林渺决定帮他们,便伸手去衣兜里取钱,可是一伸手,突然就只碰到了装着香烟的包装外盒。

她顿时手指一颤,好像碰到了什么洪水猛兽,忙将手抽出来。

“……你在这里等我一下。”林渺告诉托克。

很快,她回到房间里取出一部分钱,又到厨房用纸包了些食物和药带出来,全部都给了托克。

林渺知道艾丽莎胆子小。

之前在别墅工作的时候,艾丽莎就对菲洛茨一直战战兢兢,但是她对孩子很好,也将托克教养的很好。

当初要离开别墅的事,大家也是没办法,那个时候别墅所有人都遭到生命威胁,她理解艾丽莎的选择,她也不能绑着所有人都要和她留在别墅里每日提心吊胆。

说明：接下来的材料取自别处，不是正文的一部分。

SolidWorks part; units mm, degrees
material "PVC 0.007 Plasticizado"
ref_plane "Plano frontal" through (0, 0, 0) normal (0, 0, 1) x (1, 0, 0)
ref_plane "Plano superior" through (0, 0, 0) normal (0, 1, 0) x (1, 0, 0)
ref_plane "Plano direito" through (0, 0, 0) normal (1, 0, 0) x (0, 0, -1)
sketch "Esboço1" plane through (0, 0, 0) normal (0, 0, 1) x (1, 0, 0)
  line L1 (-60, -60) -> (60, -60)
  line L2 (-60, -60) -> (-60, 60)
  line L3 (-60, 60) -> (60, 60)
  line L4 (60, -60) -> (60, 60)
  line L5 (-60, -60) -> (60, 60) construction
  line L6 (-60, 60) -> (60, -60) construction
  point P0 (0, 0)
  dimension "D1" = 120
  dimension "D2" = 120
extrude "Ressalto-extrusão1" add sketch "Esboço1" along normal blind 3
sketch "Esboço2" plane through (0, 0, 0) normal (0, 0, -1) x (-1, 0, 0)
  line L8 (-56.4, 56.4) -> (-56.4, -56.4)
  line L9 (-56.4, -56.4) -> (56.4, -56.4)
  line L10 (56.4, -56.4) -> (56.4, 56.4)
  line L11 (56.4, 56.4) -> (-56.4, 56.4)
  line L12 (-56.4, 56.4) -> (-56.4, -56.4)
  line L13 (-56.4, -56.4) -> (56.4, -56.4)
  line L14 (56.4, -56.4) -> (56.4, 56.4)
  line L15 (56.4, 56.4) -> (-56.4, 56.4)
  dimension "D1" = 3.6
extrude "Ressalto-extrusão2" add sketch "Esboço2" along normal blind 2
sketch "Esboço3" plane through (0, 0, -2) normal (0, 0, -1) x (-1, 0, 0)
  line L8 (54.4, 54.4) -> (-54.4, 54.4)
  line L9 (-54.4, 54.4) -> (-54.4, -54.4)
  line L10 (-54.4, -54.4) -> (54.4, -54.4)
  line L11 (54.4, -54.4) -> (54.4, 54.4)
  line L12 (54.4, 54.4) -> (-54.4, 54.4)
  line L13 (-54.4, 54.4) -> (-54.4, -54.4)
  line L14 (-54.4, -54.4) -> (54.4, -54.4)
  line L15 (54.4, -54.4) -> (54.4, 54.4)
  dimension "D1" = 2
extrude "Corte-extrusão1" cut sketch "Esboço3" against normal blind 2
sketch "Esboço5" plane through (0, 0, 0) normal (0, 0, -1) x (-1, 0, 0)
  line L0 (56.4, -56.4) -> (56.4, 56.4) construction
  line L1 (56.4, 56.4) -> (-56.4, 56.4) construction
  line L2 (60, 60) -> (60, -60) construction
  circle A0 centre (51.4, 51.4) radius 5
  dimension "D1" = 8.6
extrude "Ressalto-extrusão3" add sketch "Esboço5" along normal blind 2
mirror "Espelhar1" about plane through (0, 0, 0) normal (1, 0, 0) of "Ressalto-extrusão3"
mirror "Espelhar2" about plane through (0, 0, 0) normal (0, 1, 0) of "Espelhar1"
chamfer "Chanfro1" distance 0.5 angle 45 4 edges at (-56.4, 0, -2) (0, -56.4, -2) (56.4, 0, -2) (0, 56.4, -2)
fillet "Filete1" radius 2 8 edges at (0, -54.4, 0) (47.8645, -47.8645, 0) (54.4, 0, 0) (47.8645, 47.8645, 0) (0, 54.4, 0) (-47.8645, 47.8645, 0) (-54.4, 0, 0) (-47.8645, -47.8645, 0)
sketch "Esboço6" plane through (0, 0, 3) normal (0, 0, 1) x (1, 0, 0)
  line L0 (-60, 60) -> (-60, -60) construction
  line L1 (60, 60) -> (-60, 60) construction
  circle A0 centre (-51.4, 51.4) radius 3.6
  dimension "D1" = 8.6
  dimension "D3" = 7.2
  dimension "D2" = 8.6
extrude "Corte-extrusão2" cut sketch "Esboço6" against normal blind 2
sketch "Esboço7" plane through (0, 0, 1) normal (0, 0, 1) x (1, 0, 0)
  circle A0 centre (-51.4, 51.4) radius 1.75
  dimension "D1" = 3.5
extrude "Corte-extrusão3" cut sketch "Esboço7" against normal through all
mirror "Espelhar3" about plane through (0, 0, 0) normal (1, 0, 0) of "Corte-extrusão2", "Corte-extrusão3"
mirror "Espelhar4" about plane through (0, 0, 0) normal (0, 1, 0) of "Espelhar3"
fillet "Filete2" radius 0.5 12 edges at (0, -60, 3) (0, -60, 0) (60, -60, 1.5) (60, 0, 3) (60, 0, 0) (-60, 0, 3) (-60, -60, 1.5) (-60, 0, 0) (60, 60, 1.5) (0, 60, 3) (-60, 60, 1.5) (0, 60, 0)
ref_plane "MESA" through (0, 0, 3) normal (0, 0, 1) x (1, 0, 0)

林渺同样清楚自己的处境,所以她帮不了他们太多,只能临时救急。

而这份帮助,如果能让他们多一分渡过难关的希望……她就是开心的!

“谢谢夫人!”

托克接过东西,说了好几次谢谢夫人,小孩子都忍不住要哭出来高兴又委屈地去揉眼睛。

准备离开时候又给她深深鞠了一躬才迈着小腿跑开。

林渺看着托克离开的小背影,她的心情莫名好了些。

阳光照耀在身上,将那些刚从她体内散出来的冷郁,还被来得及躲藏就被立刻消弭杀死在空气中。

一方面她感到高兴,可是另一方面,她又变得有些沉默。

林渺从衣兜里取出那盒香烟,看了又看,脑子不觉回想起那些不虞的事情来,全都和她这阵子的混账事有关。

……她难道要一直这样不清醒下去吗?她的后半辈子难道就要一直这样浑浑噩噩,克诺德不放过她,她就要这样自己毁掉自己吗?

这个问题的答案实在太简单了,不过接受却没那么容易。

她在原地站了好一会儿,一旁的佐恩下士正想问她怎么了,林渺突然却转过头来,毫无防备的一个动作将手里的香烟抛起,而后直接落在他怀里。

“听说在战场上,香烟是硬通货呢。”林渺笑了下,随意靠在铁门上。

不过显而易见,她的神情似乎随着这一抛,整个人都轻松了不少。

接过烟的佐恩下士愣了愣,不知道发生了什么,不过他还是耸耸肩:“是有这个说法。”

实际上,在罗塞也算。

“那就都留给你们吧。”

林渺决定戒烟,戒酒。

尽管她的出行依旧受到限制,尽管克诺德还常过来与她一起用餐,在她自己的家里,她毫无决定权,毫无自由可言。

但她不想就在这里毁了自己。

克诺德送来的烟酒大部分都进了别墅里小士兵的嘴里,现在在别墅里的工作可谓是一个肥差。

酒是好酒,烟是好烟,用着享受,转手卖了还能赚钱。

以前这些小士兵们自然有些抱怨,但碍于长官的命令,他们不敢说什么,而现在,情况要比起以往好多啦!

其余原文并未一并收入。